Contrastive Self-Supervised Learning As Neural Manifold Packing

TL;DR

CLAMP reframes contrastive self-supervised learning as neural-manifold packing, using a physics-inspired short-range repulsive loss to separate augmentation sub-manifolds. By approximating each sub-manifold as an ellipsoid and optimizing a packing energy, CLAMP achieves competitive linear-evaluation performance and strong transfer to object detection, while revealing emergent, class-specific manifolds. The approach bridges non-equilibrium physics and SSL, with Brain-Score analyses showing cortical-like alignment in higher visual areas. Overall, manifold packing provides a principled, interpretable mechanism for structuring high-dimensional representations with practical downstream benefits.

Abstract

Contrastive self-supervised learning based on point-wise comparisons has been widely studied for vision tasks. In the visual cortex of the brain, neuronal responses to distinct stimulus classes are organized into geometric structures known as neural manifolds. Accurate classification of stimuli can be achieved by effectively separating these manifolds, akin to solving a packing problem. We introduce Contrastive Learning As Manifold Packing (CLAMP), a self-supervised framework that recasts representation learning as a manifold packing problem. CLAMP introduces a loss function inspired by the potential energy of short-range repulsive particle systems, such as those encountered in the physics of simple liquids and jammed packings.
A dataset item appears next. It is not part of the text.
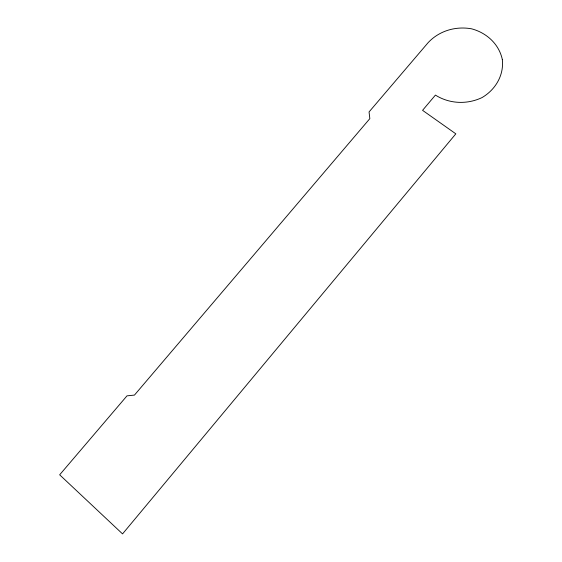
<?xml version="1.0" encoding="UTF-8"?>
<svg xmlns="http://www.w3.org/2000/svg" width="562" height="562" viewBox="0 0 562 562"><rect width="100%" height="100%" fill="white"/><g stroke="black" fill="none" stroke-linecap="round" stroke-linejoin="round"><path stroke-width="0.84" d="M502.33 59.544C504.079 75.287 495.424 89.772 481.985 97.605C467.029 104.687 449.481 103.935 435.417 95.097L422.568 110.342L455.838 133.833L122.544 533.9L59.67 474.813L126.991 395.852L134.466 395.086L369.838 118.638L369.058 111.936L428.202 42.564C439.315 30.755 455.719 25.971 471.56 28.81C486.587 32.786 499.035 44.054 502.33 59.544"/></g></svg>

In this framework, each class consists of sub-manifolds embedding multiple augmented views of a single image. The sizes and positions of the sub-manifolds are dynamically optimized by following the gradient of a packing loss. This approach yields interpretable dynamics in the embedding space that parallel jamming physics, and introduces geometrically meaningful hyperparameters within the loss function. Under the standard linear evaluation protocol, which freezes the backbone and trains only a linear classifier, CLAMP achieves competitive performance with state-of-the-art self-supervised models. Furthermore, our analysis reveals that neural manifolds corresponding to different categories emerge naturally and are effectively separated in the learned representation space, highlighting the potential of CLAMP to bridge insights from physics, neural science, and machine learning.

Figures (7)

• Figure 1: CLAMP architecture. The CLAMP framework processes a batch of $b$ input images by applying augmentations to generate $m$ views for each image. These augmented views are then encoded and projected into a shared embedding space. Within this space, the augmented embeddings corresponding to each input form a distinct sub-manifold, resulting in $b$ such sub-manifolds. Then, a pairwise packing loss is applied to minimize overlap between these sub-manifolds. The gradient of the loss is subsequently backpropagated to optimize the model.
• Figure 2: Sub-manifold and visualization of the embedding space. (a) Schematic for approximating augmentation sub-manifolds as ellipsoids with different scale factor $r_s$. (b) We selected 10 images from the MNIST dataset, one for each digit from 0 to 9, and applied Gaussian noise augmentation. These augmented images were then encoded into a 3-dimensional embedding space for visualization. Solid dots represent the embedding points of each augmented view, while the shaded regions denote circumscribed ellipsoids defined by $(\Tilde{z} - Z_i) (\Lambda_i)^{-1} (\Tilde{z} - Z_i) = r_s^2$. Left: the initial embeddings. Right: the trained embeddings. For this toy example, we use $r_s = 3.0$
• Figure 3: Training dynamics: (a) Number of neighbours as a function of epochs. (b) Average embedding sub-manifold sizes as the function of epochs. (c) Distances between pair of embeddings for untrained and trained networks.
• Figure 4: The properties of sub-manifolds in the embedding space for the pretrained ResNet-18 network are characterized by: (a) Orientation similarity: the squared cosine similarity between the principal orientations of the sub-manifolds. (b) Centroid distances: the Euclidean distances between the centroids of different sub-manifolds. (c) Centroid similarity: the cosine similarity between the centroid points of sub-manifolds.
• Figure 5: t-SNE visualization of the representations. Visualization of the 256-dimensional representation space by t-SNE method. Each color shows the representation corresponding to different category in CIFAR-10 dataset.